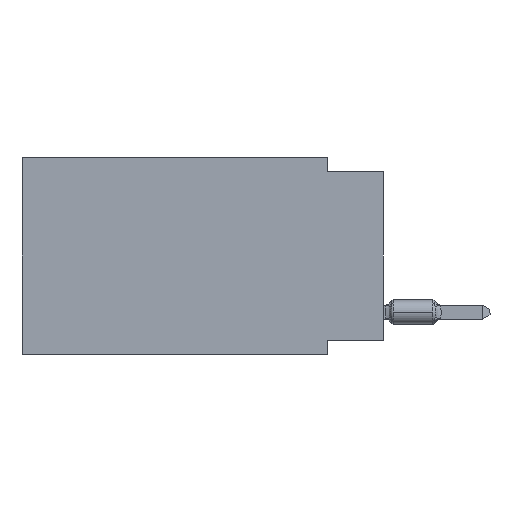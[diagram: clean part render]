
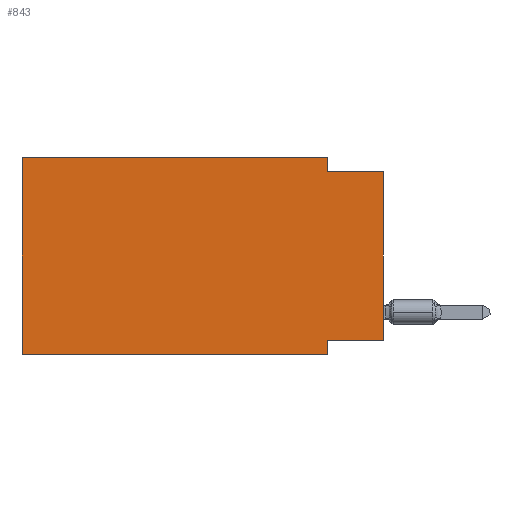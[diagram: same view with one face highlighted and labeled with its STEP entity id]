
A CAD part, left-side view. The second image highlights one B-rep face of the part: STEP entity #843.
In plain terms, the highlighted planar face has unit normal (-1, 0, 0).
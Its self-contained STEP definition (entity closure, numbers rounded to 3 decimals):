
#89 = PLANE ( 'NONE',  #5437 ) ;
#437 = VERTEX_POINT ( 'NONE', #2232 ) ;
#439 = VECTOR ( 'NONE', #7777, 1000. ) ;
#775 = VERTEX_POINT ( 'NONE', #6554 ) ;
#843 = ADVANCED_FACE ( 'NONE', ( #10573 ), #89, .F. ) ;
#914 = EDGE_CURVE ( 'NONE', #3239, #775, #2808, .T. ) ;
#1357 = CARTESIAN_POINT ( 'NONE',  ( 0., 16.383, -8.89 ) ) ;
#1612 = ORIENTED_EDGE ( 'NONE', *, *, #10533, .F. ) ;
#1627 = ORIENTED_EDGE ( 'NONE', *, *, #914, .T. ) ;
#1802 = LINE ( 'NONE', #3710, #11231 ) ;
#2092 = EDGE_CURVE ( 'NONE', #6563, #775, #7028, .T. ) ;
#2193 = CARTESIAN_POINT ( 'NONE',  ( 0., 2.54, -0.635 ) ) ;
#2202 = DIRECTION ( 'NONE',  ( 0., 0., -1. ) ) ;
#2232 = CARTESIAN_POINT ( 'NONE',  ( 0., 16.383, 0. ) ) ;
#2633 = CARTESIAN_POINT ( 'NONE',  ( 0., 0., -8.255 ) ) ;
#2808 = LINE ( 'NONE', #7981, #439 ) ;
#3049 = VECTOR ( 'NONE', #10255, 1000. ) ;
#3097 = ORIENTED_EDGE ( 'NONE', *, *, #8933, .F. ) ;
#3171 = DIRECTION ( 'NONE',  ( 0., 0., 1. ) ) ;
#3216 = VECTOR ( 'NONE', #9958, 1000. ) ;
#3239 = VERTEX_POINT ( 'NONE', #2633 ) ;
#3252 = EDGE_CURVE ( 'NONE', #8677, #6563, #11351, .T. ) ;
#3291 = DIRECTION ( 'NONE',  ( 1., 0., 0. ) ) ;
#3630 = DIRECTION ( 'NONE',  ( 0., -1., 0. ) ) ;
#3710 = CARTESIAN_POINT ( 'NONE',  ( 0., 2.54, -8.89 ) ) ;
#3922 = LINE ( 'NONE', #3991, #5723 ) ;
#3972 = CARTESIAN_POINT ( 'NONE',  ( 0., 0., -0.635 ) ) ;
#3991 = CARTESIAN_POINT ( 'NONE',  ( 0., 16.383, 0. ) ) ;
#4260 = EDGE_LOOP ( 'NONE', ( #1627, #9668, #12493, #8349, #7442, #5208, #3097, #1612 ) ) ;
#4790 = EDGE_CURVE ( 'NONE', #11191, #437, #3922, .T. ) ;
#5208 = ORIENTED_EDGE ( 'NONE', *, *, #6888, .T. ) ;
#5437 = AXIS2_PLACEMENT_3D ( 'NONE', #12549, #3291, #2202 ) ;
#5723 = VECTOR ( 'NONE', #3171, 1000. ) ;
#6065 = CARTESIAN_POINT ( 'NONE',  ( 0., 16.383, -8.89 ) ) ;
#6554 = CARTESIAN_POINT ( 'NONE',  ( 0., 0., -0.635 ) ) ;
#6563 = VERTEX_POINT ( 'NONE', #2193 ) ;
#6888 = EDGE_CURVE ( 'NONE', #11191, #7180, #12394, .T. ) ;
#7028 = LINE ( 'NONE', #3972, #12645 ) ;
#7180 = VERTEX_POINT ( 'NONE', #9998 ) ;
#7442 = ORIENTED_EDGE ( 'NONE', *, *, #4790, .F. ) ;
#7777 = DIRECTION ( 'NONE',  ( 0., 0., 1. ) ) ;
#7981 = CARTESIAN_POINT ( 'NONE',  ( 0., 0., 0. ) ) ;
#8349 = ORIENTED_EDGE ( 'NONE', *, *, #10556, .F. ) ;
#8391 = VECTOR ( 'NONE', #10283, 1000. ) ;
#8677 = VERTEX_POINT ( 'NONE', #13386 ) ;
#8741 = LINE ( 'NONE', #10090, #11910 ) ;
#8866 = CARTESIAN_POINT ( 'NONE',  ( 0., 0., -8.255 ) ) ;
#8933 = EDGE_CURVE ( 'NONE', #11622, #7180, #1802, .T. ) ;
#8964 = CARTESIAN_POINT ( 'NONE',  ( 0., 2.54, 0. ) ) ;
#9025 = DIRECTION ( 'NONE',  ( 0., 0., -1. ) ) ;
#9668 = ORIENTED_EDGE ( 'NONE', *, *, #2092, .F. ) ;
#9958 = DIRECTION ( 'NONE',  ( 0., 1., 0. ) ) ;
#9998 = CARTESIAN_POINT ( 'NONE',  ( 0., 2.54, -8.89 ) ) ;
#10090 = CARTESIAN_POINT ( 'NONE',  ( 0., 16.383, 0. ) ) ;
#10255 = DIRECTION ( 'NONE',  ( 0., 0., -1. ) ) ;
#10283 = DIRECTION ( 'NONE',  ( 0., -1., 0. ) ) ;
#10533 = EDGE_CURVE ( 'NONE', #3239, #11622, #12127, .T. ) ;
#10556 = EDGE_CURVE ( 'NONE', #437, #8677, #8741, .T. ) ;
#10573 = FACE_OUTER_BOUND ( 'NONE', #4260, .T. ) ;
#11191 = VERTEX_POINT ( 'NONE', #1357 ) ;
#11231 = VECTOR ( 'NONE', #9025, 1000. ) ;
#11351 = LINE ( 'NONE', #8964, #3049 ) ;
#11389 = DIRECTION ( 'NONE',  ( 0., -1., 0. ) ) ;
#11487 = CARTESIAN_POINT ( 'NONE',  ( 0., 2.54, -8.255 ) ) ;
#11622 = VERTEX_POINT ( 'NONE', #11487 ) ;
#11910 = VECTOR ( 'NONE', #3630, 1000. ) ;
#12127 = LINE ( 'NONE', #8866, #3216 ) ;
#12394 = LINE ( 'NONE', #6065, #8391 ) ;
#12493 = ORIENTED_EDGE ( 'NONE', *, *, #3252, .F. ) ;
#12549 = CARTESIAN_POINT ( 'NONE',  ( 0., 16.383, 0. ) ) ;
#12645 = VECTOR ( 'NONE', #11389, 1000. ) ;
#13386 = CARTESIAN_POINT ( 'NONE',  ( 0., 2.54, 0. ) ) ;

- - -

● Task instructions:
Retype exactly the span of lines from the one with "#10255 = DIRECTION" through the one with "#11487 = CARTESIAN_POINT"; include both ends and omit the rest of the material.

● Your solution:
#10255 = DIRECTION ( 'NONE',  ( 0., 0., -1. ) ) ;
#10283 = DIRECTION ( 'NONE',  ( 0., -1., 0. ) ) ;
#10533 = EDGE_CURVE ( 'NONE', #3239, #11622, #12127, .T. ) ;
#10556 = EDGE_CURVE ( 'NONE', #437, #8677, #8741, .T. ) ;
#10573 = FACE_OUTER_BOUND ( 'NONE', #4260, .T. ) ;
#11191 = VERTEX_POINT ( 'NONE', #1357 ) ;
#11231 = VECTOR ( 'NONE', #9025, 1000. ) ;
#11351 = LINE ( 'NONE', #8964, #3049 ) ;
#11389 = DIRECTION ( 'NONE',  ( 0., -1., 0. ) ) ;
#11487 = CARTESIAN_POINT ( 'NONE',  ( 0., 2.54, -8.255 ) ) ;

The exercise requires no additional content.